Records for the exercise below:

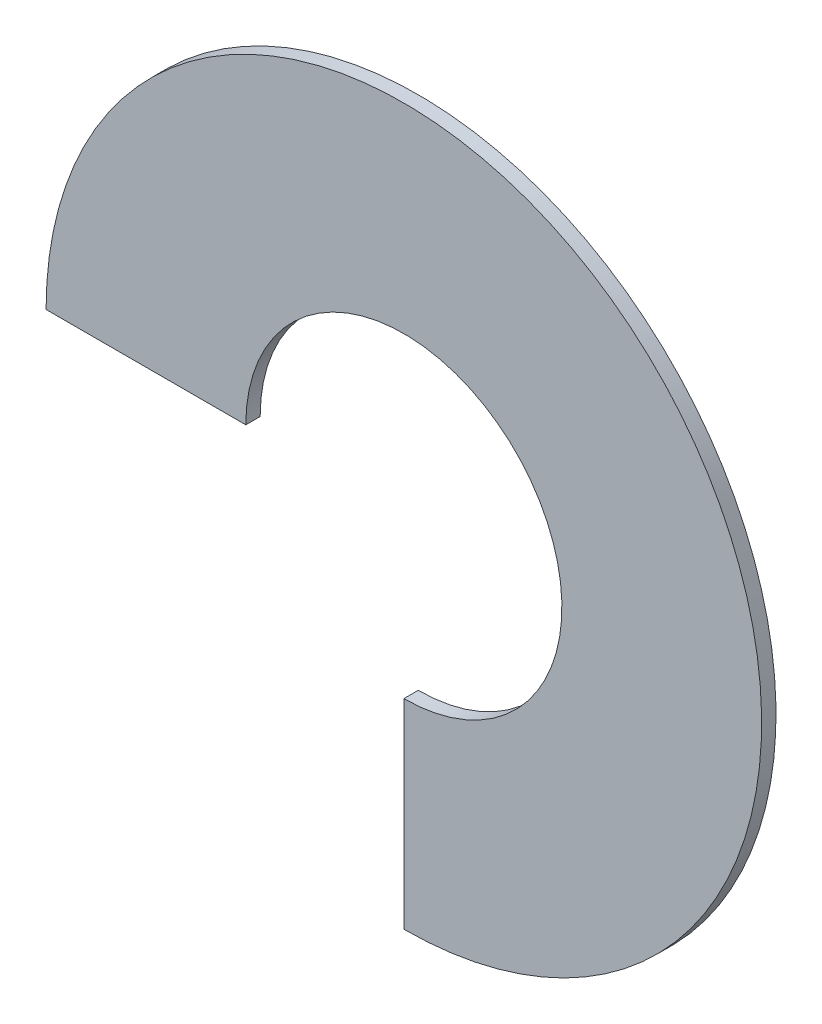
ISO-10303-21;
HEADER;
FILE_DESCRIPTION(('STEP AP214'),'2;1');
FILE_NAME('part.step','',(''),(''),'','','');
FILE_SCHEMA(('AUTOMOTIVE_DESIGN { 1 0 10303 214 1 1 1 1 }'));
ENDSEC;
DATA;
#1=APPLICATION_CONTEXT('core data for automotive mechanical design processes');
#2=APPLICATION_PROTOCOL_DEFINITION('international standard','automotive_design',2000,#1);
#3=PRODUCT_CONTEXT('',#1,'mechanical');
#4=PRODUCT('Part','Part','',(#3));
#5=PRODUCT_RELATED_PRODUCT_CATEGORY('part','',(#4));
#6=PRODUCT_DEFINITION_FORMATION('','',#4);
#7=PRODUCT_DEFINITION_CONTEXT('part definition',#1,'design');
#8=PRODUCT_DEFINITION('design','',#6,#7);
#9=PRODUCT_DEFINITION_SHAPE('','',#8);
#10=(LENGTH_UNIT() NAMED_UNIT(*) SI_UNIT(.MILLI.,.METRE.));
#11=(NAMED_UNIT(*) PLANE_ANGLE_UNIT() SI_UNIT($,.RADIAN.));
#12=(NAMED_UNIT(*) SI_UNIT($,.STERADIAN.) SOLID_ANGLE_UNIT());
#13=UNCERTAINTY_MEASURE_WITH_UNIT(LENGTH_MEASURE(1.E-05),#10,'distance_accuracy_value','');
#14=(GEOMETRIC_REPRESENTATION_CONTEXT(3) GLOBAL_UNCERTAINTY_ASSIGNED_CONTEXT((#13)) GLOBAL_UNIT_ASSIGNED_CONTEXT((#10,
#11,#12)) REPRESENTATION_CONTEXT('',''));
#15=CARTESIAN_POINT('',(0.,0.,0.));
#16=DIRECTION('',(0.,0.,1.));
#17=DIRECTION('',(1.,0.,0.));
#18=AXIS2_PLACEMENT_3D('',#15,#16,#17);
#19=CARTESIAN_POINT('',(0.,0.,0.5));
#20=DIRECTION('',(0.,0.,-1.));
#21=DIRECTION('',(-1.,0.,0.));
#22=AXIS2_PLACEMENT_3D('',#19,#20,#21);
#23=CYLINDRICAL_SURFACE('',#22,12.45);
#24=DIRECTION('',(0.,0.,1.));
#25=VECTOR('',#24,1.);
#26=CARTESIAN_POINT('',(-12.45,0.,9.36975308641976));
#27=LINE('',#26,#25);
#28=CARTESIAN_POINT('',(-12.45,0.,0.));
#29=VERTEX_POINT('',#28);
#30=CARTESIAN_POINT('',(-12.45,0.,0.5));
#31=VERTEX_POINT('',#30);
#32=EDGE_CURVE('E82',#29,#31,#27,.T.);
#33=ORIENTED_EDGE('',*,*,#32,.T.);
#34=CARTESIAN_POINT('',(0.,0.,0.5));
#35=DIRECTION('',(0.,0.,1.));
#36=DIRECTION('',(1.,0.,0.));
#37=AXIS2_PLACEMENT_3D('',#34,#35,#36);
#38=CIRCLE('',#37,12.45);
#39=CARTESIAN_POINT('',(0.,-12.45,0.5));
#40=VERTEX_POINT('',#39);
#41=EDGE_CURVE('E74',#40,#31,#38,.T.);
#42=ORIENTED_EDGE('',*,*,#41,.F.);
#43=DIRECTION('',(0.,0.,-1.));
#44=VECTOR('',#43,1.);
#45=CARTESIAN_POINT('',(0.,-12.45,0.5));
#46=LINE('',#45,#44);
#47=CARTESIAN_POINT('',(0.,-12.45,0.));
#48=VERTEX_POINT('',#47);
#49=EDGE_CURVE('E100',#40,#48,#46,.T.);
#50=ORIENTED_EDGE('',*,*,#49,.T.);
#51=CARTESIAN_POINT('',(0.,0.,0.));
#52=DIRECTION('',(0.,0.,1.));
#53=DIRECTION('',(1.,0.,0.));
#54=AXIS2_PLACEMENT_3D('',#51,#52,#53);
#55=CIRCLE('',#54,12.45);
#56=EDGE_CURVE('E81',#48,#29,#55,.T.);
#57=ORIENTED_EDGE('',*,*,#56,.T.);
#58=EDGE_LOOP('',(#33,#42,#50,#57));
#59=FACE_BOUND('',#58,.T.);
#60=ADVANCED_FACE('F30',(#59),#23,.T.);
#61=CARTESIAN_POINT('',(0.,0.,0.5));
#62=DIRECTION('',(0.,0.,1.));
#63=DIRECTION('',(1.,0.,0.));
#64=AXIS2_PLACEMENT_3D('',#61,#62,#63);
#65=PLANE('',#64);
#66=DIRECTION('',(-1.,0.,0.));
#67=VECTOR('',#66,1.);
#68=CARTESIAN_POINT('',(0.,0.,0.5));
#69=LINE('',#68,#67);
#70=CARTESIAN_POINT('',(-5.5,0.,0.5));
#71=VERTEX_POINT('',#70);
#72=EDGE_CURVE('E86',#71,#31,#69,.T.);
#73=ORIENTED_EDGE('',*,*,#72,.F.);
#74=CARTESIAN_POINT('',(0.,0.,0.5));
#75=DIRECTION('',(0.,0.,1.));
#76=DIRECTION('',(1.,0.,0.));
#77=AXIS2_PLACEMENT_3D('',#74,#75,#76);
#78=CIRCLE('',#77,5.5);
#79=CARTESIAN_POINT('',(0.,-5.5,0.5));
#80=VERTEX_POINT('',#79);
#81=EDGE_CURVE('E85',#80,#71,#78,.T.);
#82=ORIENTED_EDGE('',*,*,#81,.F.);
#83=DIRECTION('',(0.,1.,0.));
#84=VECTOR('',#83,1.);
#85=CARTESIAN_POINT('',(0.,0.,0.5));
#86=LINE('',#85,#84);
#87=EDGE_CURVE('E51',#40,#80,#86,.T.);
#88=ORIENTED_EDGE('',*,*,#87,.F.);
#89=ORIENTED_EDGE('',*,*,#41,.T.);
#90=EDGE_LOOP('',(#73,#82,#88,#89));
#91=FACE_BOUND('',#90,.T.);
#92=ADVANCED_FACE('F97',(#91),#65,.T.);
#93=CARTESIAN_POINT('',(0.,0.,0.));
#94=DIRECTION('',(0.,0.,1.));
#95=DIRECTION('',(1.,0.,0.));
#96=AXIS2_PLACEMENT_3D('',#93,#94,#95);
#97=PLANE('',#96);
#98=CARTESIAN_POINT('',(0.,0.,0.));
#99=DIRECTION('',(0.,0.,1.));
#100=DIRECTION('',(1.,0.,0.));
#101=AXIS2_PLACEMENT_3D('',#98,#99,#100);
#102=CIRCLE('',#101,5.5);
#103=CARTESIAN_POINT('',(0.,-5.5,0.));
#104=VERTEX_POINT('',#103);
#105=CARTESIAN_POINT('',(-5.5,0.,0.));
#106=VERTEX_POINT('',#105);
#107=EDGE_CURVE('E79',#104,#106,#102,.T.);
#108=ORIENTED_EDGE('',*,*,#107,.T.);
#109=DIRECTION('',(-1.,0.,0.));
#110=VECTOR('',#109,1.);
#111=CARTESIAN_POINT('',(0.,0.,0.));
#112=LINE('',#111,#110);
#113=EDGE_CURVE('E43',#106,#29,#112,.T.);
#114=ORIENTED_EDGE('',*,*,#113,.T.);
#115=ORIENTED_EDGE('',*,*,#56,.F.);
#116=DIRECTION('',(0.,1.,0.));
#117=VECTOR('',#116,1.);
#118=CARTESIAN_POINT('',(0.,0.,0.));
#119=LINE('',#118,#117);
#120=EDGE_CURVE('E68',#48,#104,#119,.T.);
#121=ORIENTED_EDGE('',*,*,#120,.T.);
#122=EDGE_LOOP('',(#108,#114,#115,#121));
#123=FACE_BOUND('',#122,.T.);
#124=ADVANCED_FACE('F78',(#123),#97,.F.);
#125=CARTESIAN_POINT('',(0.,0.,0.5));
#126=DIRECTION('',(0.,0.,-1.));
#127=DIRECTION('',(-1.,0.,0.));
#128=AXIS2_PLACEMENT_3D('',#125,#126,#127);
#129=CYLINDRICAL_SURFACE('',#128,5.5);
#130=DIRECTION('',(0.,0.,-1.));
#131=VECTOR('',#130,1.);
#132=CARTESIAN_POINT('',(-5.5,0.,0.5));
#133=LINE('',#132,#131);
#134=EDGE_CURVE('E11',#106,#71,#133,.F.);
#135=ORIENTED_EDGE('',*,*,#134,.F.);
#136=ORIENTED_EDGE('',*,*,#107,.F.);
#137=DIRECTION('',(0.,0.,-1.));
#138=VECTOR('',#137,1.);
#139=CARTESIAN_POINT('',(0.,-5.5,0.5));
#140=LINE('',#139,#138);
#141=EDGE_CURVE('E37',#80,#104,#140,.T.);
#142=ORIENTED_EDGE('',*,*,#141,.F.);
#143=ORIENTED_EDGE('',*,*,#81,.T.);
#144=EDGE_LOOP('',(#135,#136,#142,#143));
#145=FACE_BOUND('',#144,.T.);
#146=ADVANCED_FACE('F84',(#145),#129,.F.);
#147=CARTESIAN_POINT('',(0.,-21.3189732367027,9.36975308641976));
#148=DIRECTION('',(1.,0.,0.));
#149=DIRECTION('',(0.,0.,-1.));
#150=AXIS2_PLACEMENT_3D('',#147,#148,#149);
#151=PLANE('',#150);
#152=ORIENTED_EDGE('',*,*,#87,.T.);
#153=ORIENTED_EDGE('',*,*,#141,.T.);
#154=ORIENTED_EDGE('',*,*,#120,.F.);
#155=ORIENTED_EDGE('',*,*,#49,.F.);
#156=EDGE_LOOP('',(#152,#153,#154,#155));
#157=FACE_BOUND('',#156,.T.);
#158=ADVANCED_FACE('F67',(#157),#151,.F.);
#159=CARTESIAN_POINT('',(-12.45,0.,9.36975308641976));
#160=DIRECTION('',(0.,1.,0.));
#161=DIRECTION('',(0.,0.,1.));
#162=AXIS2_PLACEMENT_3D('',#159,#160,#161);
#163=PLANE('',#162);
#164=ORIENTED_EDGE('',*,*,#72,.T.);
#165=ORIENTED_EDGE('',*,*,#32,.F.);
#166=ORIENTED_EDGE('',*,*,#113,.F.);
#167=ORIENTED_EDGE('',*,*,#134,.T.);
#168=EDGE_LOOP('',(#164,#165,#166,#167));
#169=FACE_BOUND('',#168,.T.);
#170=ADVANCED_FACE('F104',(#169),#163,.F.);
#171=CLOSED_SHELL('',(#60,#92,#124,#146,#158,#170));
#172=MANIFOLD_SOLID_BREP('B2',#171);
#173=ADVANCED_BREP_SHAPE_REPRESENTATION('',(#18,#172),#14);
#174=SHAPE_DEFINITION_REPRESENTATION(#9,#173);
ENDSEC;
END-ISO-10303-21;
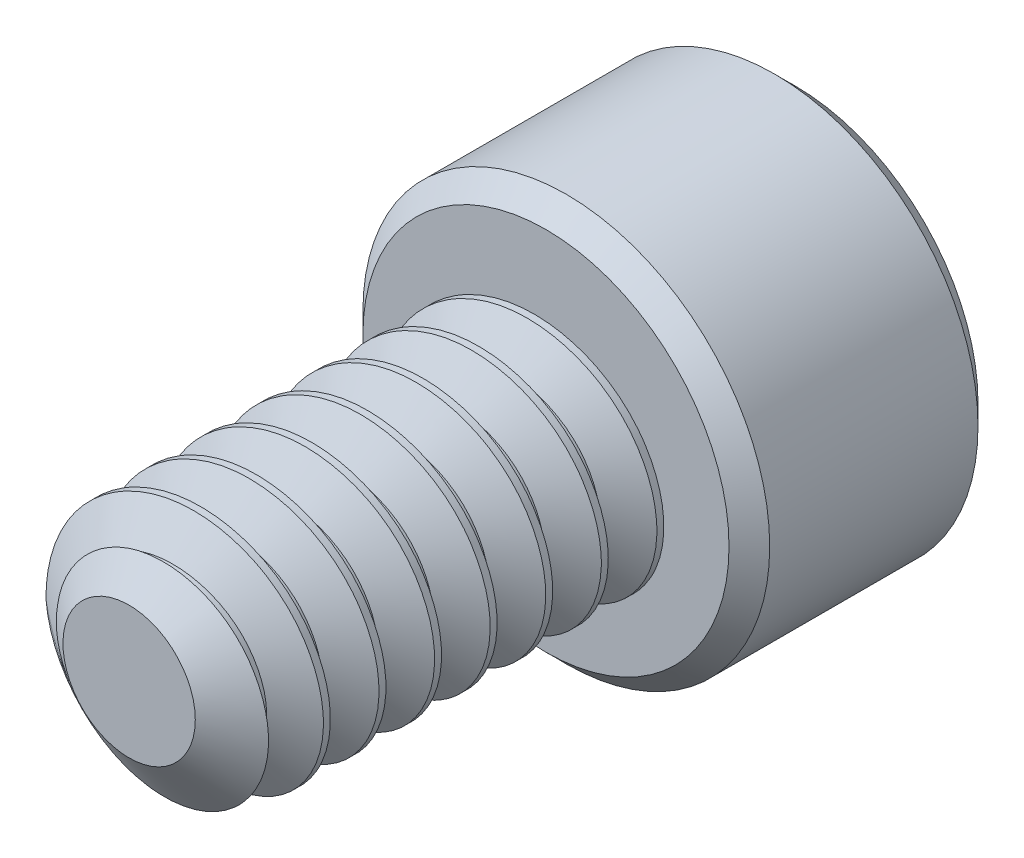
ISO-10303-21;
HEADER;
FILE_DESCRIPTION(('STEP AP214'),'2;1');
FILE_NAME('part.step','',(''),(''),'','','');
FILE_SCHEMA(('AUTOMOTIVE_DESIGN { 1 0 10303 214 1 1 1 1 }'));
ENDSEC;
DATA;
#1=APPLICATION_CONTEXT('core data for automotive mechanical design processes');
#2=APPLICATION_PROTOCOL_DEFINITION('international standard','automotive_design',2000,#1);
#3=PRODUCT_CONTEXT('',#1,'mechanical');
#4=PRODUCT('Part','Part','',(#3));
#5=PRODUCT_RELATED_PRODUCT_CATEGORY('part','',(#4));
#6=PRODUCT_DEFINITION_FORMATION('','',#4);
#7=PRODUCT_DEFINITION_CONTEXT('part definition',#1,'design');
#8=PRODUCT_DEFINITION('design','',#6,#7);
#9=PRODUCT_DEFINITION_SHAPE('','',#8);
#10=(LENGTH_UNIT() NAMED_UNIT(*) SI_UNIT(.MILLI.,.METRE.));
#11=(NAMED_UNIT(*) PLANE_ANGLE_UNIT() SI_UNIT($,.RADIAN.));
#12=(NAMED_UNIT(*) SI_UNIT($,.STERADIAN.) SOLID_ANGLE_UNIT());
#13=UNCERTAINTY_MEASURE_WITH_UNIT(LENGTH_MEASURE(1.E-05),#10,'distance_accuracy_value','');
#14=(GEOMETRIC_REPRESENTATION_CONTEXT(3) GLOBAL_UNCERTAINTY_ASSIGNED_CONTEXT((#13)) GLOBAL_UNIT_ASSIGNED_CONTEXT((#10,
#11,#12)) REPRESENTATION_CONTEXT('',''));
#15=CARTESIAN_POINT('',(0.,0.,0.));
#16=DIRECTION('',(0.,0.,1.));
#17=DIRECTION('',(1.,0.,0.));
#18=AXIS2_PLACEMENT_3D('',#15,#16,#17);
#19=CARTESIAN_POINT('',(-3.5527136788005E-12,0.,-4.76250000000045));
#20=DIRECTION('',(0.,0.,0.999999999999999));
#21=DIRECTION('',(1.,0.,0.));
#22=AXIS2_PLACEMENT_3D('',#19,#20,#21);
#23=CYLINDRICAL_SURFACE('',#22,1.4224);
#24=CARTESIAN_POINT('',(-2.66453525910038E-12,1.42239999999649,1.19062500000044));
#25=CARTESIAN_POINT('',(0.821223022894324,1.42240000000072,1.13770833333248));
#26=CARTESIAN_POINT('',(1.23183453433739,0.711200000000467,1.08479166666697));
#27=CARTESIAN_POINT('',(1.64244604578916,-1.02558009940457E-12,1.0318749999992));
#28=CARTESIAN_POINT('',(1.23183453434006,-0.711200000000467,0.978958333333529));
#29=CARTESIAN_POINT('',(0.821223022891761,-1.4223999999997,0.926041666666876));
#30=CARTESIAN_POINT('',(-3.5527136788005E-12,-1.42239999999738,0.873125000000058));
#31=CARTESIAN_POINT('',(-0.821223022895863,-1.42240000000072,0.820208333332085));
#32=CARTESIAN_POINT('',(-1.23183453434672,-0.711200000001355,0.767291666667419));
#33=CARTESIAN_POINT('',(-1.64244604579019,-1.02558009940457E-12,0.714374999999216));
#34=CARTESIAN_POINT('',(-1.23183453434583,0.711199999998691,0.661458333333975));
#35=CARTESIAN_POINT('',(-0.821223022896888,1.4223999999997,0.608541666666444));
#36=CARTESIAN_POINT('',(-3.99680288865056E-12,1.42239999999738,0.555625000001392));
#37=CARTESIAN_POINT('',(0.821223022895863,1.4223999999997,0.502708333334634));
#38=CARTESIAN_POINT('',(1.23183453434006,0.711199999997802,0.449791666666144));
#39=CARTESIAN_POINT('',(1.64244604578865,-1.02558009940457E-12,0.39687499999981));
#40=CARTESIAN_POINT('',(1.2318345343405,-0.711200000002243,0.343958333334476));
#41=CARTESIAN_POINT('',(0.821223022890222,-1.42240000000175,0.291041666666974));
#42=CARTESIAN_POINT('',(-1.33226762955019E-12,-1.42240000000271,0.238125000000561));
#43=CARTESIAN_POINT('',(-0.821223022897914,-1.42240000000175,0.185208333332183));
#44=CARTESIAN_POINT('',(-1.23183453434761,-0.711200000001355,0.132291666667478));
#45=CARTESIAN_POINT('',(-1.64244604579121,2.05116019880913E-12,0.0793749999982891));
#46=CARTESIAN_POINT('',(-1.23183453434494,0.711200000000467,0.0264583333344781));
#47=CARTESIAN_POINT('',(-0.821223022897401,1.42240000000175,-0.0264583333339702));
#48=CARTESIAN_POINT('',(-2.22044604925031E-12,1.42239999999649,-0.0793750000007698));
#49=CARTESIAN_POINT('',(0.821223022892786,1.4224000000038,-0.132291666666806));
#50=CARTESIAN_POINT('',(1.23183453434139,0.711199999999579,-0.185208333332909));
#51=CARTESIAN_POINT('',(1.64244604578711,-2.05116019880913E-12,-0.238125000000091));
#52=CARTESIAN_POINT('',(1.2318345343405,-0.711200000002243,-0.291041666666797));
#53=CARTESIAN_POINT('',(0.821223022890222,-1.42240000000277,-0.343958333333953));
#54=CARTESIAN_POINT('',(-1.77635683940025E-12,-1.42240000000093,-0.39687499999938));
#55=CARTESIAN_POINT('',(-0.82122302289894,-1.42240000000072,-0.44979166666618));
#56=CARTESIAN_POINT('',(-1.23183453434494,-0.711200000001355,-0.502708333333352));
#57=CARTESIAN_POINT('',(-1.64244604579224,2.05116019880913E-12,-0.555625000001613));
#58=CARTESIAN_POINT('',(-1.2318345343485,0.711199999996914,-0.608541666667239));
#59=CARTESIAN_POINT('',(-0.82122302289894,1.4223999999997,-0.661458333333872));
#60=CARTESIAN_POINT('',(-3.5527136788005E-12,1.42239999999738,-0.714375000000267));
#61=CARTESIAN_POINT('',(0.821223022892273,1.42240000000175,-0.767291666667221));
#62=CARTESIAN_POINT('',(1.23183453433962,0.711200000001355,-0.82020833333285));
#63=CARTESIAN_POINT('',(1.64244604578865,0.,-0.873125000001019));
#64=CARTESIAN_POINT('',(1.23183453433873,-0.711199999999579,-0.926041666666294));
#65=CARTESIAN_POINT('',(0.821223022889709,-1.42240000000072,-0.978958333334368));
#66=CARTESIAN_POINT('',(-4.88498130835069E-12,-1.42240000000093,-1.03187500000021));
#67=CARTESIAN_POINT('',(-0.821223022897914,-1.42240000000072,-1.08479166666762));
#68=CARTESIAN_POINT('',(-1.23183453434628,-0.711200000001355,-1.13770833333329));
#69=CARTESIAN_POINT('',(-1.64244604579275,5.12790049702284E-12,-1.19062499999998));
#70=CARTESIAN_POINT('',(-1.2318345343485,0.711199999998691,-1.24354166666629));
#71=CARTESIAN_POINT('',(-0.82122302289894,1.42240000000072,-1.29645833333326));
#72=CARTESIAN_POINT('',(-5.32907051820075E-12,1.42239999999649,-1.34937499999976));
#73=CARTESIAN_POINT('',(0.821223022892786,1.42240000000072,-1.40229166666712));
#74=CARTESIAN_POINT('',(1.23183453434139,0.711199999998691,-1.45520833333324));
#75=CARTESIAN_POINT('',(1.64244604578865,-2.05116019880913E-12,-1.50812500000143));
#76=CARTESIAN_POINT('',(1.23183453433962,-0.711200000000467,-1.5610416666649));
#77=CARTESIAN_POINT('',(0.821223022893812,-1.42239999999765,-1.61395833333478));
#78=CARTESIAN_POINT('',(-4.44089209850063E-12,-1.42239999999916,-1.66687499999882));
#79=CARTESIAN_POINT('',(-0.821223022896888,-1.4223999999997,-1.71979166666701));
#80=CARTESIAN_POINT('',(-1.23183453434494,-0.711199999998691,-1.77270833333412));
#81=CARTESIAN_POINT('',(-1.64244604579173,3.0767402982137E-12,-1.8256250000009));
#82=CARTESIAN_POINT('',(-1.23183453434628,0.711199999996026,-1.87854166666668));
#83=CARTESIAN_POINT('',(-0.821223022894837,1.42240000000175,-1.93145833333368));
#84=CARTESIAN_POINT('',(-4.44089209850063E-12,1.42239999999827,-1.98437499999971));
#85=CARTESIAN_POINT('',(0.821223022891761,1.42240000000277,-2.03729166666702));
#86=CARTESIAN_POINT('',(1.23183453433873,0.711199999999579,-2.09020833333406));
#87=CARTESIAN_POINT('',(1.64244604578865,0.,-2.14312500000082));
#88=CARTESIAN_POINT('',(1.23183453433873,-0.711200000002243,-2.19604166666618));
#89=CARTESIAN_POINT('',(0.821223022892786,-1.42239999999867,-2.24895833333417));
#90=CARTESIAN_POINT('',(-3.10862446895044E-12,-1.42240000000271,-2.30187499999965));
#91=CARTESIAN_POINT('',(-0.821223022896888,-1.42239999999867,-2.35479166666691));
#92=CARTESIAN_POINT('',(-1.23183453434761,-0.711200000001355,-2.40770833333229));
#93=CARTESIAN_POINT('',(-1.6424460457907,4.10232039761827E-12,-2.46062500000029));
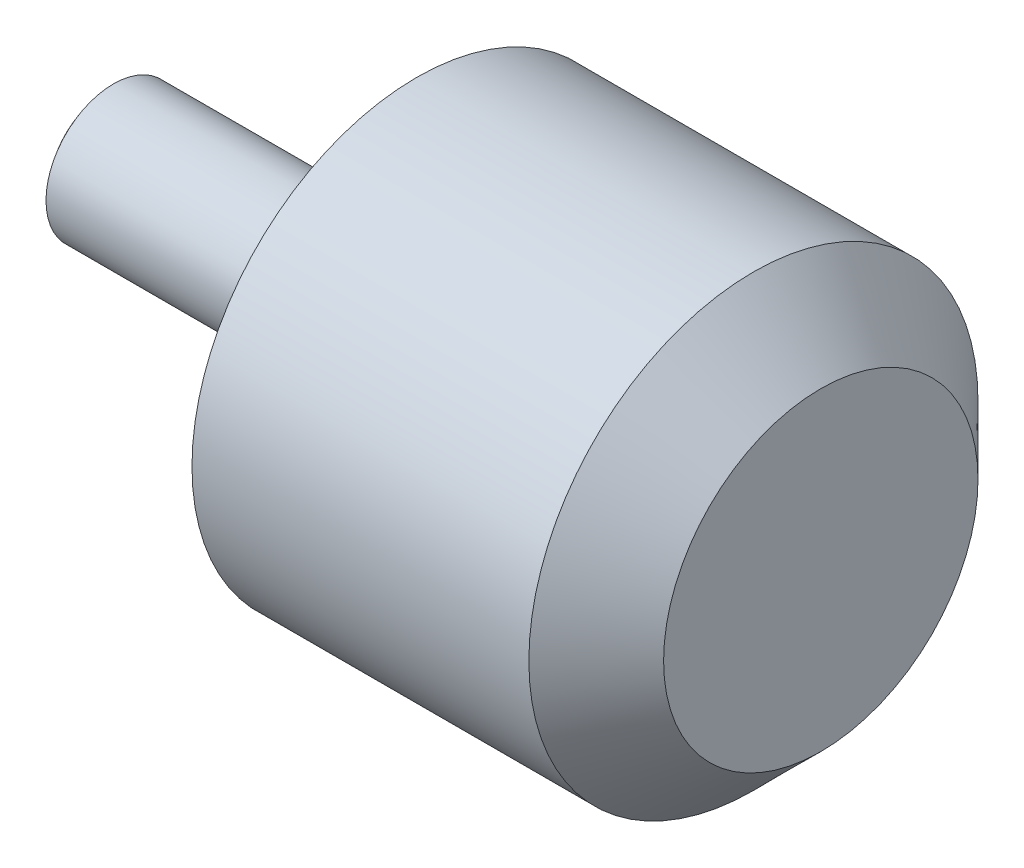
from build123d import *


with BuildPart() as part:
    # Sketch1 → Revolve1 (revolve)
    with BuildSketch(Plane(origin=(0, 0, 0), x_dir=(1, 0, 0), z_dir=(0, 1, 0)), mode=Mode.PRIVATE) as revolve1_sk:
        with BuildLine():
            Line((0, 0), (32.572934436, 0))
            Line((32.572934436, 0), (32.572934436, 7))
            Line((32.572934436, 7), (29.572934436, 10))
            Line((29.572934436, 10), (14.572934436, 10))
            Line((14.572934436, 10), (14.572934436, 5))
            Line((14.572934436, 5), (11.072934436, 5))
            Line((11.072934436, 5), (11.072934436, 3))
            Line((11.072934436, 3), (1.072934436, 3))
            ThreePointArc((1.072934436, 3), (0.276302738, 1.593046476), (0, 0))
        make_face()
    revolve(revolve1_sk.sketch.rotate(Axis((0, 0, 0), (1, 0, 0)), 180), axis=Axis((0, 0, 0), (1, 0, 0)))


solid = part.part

End of Records for the exercise.

**Action item**
Everything in the material above from the line that has "#99=DIRECTION('',(0.,0.,1.));" through the line that has "#152=ORIENTED_EDGE('',*,*,#87,.T.);" must be duplicated exactly, with no other lines given.

**Output below**
#99=DIRECTION('',(0.,0.,1.));
#100=DIRECTION('',(1.,0.,0.));
#101=AXIS2_PLACEMENT_3D('',#98,#99,#100);
#102=CIRCLE('',#101,5.5);
#103=CARTESIAN_POINT('',(0.,-5.5,0.));
#104=VERTEX_POINT('',#103);
#105=CARTESIAN_POINT('',(-5.5,0.,0.));
#106=VERTEX_POINT('',#105);
#107=EDGE_CURVE('E79',#104,#106,#102,.T.);
#108=ORIENTED_EDGE('',*,*,#107,.T.);
#109=DIRECTION('',(-1.,0.,0.));
#110=VECTOR('',#109,1.);
#111=CARTESIAN_POINT('',(0.,0.,0.));
#112=LINE('',#111,#110);
#113=EDGE_CURVE('E43',#106,#29,#112,.T.);
#114=ORIENTED_EDGE('',*,*,#113,.T.);
#115=ORIENTED_EDGE('',*,*,#56,.F.);
#116=DIRECTION('',(0.,1.,0.));
#117=VECTOR('',#116,1.);
#118=CARTESIAN_POINT('',(0.,0.,0.));
#119=LINE('',#118,#117);
#120=EDGE_CURVE('E68',#48,#104,#119,.T.);
#121=ORIENTED_EDGE('',*,*,#120,.T.);
#122=EDGE_LOOP('',(#108,#114,#115,#121));
#123=FACE_BOUND('',#122,.T.);
#124=ADVANCED_FACE('F78',(#123),#97,.F.);
#125=CARTESIAN_POINT('',(0.,0.,0.5));
#126=DIRECTION('',(0.,0.,-1.));
#127=DIRECTION('',(-1.,0.,0.));
#128=AXIS2_PLACEMENT_3D('',#125,#126,#127);
#129=CYLINDRICAL_SURFACE('',#128,5.5);
#130=DIRECTION('',(0.,0.,-1.));
#131=VECTOR('',#130,1.);
#132=CARTESIAN_POINT('',(-5.5,0.,0.5));
#133=LINE('',#132,#131);
#134=EDGE_CURVE('E11',#106,#71,#133,.F.);
#135=ORIENTED_EDGE('',*,*,#134,.F.);
#136=ORIENTED_EDGE('',*,*,#107,.F.);
#137=DIRECTION('',(0.,0.,-1.));
#138=VECTOR('',#137,1.);
#139=CARTESIAN_POINT('',(0.,-5.5,0.5));
#140=LINE('',#139,#138);
#141=EDGE_CURVE('E37',#80,#104,#140,.T.);
#142=ORIENTED_EDGE('',*,*,#141,.F.);
#143=ORIENTED_EDGE('',*,*,#81,.T.);
#144=EDGE_LOOP('',(#135,#136,#142,#143));
#145=FACE_BOUND('',#144,.T.);
#146=ADVANCED_FACE('F84',(#145),#129,.F.);
#147=CARTESIAN_POINT('',(0.,-21.3189732367027,9.36975308641976));
#148=DIRECTION('',(1.,0.,0.));
#149=DIRECTION('',(0.,0.,-1.));
#150=AXIS2_PLACEMENT_3D('',#147,#148,#149);
#151=PLANE('',#150);
#152=ORIENTED_EDGE('',*,*,#87,.T.);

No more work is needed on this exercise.